= Provided material =
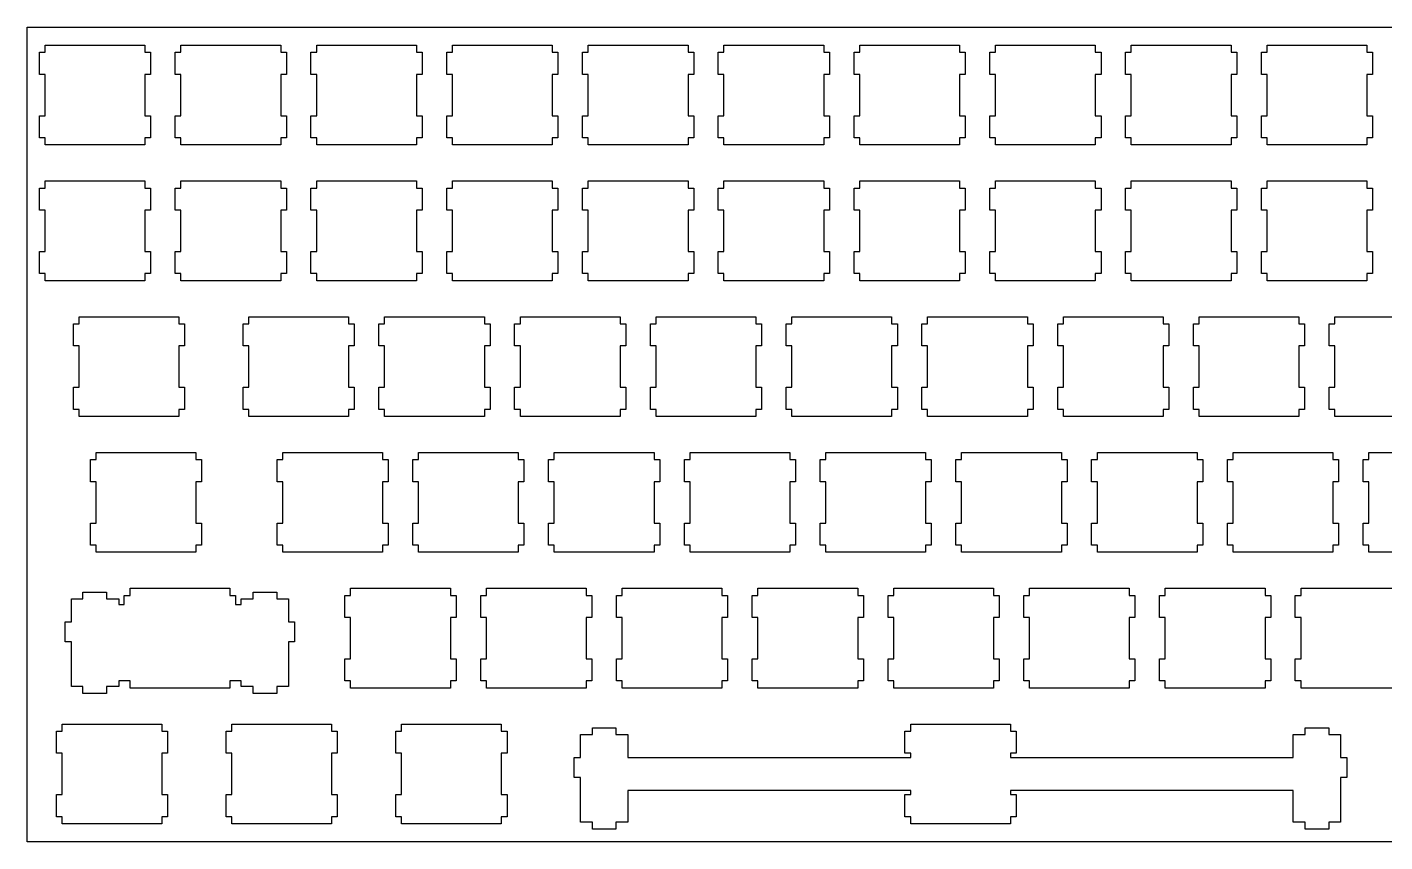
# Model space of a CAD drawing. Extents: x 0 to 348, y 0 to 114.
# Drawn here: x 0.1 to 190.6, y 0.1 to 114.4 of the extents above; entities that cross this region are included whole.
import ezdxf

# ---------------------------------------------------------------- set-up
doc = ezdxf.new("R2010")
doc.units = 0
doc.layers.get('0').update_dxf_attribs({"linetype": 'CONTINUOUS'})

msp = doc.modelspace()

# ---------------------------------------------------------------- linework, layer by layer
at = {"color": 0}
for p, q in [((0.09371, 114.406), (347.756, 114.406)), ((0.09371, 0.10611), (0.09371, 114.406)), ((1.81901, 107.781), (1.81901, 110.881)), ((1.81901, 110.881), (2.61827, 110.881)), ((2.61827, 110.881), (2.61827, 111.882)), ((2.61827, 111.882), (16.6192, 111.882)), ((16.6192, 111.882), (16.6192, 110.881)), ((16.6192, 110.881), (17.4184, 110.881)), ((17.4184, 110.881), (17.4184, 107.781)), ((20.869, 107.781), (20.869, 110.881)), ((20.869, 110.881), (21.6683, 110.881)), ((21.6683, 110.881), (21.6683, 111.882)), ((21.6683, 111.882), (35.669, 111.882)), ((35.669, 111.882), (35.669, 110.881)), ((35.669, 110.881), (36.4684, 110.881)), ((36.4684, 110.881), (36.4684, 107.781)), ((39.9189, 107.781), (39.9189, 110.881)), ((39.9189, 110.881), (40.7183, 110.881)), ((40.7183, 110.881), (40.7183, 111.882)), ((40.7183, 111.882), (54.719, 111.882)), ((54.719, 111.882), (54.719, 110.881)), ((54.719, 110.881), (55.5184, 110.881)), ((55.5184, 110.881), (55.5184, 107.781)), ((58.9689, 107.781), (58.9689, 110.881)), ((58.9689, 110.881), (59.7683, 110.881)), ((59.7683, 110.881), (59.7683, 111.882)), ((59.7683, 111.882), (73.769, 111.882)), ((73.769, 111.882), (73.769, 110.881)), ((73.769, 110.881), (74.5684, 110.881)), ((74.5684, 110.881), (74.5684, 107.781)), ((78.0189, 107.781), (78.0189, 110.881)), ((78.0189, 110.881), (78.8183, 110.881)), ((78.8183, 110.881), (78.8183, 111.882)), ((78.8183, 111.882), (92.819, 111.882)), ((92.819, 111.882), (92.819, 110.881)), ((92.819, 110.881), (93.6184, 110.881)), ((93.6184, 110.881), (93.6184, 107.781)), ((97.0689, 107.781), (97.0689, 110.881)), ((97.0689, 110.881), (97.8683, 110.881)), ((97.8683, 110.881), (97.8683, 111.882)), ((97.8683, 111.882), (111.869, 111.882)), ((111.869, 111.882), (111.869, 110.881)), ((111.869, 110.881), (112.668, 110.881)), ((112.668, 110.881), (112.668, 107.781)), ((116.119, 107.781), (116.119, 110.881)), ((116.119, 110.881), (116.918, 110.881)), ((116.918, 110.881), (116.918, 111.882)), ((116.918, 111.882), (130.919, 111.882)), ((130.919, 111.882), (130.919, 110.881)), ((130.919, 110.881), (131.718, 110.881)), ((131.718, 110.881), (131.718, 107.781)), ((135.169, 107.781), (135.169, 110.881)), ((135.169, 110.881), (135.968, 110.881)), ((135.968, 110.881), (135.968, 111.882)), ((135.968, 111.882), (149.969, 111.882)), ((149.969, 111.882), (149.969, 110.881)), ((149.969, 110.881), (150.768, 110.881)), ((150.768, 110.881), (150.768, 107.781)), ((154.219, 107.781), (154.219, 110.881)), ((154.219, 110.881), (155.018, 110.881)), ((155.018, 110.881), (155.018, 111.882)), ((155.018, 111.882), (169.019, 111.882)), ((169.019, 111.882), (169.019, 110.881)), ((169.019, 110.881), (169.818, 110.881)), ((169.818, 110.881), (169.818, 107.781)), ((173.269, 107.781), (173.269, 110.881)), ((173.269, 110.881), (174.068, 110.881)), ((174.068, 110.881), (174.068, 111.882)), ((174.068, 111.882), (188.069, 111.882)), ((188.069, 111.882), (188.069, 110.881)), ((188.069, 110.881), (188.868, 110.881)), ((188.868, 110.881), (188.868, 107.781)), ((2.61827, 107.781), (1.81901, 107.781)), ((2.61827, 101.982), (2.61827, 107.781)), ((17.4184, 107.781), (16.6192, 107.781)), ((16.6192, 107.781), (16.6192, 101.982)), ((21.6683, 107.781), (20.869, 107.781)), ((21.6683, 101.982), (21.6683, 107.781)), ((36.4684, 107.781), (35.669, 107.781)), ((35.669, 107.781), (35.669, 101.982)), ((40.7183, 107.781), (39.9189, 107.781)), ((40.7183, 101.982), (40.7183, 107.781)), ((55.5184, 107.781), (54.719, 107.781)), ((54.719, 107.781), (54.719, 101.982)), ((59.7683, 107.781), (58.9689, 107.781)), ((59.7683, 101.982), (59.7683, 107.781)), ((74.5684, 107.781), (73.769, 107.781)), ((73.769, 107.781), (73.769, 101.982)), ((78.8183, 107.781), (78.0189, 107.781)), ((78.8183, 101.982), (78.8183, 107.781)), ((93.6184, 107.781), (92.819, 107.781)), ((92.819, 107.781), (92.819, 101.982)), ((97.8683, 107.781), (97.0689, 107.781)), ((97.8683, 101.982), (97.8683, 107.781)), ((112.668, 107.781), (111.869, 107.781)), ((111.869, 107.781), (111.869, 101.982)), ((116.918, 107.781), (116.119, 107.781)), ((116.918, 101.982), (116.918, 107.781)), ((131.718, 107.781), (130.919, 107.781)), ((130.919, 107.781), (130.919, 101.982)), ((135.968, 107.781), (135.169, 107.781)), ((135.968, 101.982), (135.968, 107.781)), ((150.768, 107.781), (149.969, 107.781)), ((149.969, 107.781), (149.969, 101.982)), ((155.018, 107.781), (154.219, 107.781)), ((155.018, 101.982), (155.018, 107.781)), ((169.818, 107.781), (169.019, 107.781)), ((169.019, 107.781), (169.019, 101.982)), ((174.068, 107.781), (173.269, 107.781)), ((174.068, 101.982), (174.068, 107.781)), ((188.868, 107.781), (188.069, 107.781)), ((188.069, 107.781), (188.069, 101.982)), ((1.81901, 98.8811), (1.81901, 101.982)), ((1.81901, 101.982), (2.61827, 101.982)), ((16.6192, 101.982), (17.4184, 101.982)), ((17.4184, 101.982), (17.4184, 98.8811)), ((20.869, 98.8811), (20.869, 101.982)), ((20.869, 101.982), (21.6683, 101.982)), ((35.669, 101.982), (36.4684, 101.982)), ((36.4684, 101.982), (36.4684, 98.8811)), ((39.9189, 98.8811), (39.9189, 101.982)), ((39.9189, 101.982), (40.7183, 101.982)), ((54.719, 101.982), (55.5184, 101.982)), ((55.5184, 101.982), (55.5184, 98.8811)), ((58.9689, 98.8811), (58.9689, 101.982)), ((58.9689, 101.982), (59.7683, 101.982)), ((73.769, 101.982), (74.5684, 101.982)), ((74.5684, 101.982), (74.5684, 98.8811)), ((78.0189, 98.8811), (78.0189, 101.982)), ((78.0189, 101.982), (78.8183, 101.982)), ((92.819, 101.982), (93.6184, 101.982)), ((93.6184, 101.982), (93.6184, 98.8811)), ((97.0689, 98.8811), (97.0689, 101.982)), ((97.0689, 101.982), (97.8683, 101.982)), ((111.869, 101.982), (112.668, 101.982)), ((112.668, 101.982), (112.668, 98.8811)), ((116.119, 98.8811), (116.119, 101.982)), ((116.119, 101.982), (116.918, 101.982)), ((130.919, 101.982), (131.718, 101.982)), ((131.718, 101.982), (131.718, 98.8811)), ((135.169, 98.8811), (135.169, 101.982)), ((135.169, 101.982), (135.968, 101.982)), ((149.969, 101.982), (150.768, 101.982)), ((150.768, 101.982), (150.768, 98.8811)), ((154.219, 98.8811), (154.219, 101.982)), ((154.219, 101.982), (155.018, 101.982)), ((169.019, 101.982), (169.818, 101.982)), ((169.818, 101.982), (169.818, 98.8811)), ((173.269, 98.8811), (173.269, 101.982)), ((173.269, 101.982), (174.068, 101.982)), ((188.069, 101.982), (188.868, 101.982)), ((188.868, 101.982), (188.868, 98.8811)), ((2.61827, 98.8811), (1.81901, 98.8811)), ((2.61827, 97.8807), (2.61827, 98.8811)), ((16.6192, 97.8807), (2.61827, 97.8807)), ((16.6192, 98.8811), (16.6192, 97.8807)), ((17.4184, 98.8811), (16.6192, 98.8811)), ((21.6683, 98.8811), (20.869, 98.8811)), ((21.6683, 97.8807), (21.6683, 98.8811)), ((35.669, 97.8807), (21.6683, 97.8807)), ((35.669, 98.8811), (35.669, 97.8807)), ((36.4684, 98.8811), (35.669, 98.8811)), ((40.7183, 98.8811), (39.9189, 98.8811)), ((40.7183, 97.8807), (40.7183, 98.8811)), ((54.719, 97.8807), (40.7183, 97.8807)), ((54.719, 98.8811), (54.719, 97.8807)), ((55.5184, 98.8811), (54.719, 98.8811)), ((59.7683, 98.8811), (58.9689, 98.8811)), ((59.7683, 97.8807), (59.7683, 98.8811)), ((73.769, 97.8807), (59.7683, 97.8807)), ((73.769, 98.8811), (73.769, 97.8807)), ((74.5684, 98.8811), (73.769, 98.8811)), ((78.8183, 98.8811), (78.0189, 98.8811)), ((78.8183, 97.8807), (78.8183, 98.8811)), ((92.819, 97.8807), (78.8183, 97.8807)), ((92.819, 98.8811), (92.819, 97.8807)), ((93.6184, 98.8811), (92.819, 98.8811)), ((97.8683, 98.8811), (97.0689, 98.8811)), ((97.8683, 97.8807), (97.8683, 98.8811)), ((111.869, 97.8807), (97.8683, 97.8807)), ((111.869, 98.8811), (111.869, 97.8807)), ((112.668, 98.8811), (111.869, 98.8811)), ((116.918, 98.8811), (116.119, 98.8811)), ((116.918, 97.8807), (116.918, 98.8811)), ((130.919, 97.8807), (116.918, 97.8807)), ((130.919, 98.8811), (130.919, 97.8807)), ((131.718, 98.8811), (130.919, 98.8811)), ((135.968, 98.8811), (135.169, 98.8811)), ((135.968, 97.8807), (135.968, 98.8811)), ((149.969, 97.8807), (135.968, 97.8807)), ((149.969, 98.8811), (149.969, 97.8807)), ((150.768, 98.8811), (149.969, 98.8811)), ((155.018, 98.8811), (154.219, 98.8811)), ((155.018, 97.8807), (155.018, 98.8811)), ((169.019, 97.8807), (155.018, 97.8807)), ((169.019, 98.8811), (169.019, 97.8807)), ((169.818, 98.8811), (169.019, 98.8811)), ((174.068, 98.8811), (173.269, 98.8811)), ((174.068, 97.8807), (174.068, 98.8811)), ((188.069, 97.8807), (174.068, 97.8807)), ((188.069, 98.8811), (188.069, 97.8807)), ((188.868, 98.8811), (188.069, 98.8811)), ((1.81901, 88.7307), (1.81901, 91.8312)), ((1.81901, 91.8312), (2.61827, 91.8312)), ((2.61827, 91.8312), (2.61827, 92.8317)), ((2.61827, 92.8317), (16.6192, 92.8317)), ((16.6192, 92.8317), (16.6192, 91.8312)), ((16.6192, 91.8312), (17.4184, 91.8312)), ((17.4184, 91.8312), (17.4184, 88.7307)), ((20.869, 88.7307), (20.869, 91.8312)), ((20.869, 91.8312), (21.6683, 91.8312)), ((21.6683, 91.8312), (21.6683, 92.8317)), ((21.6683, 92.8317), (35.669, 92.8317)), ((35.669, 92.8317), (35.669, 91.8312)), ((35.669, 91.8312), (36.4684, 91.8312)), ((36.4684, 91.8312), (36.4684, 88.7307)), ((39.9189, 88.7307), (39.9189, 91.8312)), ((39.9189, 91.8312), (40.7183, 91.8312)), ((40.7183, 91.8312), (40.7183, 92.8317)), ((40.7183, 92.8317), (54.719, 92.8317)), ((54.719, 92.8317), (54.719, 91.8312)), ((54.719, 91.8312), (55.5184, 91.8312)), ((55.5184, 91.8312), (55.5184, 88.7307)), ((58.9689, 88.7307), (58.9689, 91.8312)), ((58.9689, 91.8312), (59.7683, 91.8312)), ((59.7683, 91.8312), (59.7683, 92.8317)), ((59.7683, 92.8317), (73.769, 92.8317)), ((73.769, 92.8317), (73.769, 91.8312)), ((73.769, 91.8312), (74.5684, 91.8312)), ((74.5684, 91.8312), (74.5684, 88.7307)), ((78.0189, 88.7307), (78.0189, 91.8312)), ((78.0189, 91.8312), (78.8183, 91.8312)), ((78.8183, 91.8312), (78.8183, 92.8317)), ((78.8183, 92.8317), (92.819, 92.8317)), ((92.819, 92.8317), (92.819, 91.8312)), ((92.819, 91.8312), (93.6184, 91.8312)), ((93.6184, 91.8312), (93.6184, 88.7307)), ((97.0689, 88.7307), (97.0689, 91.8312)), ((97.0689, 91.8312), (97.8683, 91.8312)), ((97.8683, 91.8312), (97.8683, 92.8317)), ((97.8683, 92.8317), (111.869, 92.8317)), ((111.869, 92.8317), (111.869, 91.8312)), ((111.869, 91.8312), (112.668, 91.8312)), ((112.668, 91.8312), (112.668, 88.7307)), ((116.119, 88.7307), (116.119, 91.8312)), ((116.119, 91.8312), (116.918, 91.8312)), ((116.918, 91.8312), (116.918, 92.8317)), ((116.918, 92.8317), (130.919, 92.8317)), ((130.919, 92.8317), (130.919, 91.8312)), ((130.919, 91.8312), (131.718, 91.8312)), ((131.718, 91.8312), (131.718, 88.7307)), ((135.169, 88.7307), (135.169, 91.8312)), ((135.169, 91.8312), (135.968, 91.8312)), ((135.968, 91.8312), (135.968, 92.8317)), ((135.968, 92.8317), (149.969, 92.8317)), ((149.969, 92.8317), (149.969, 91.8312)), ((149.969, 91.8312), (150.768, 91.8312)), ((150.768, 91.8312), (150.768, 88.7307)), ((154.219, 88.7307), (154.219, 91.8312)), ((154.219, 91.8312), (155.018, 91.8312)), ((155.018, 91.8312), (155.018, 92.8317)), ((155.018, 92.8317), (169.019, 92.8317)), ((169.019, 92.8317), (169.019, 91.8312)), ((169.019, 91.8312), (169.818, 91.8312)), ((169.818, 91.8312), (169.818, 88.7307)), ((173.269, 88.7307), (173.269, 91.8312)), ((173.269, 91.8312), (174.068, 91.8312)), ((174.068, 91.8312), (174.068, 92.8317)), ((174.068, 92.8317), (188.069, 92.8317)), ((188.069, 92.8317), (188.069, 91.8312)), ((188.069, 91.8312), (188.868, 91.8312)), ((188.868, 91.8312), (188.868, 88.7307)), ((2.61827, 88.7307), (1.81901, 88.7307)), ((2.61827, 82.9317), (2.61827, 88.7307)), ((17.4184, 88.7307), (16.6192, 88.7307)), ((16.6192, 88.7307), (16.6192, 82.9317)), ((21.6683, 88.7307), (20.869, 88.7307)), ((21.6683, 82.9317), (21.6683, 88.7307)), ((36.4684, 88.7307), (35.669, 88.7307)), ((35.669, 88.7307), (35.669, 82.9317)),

= Your goal =
Output the data above exactly, beginning at its first line and ending with the line that holds "doc.units = 0". Leave out the pictures and add nothing.

= Your response =
# Model space of a CAD drawing. Extents: x 0 to 348, y 0 to 114.
# Drawn here: x 0.1 to 190.6, y 0.1 to 114.4 of the extents above; entities that cross this region are included whole.
import ezdxf

# ---------------------------------------------------------------- set-up
doc = ezdxf.new("R2010")
doc.units = 0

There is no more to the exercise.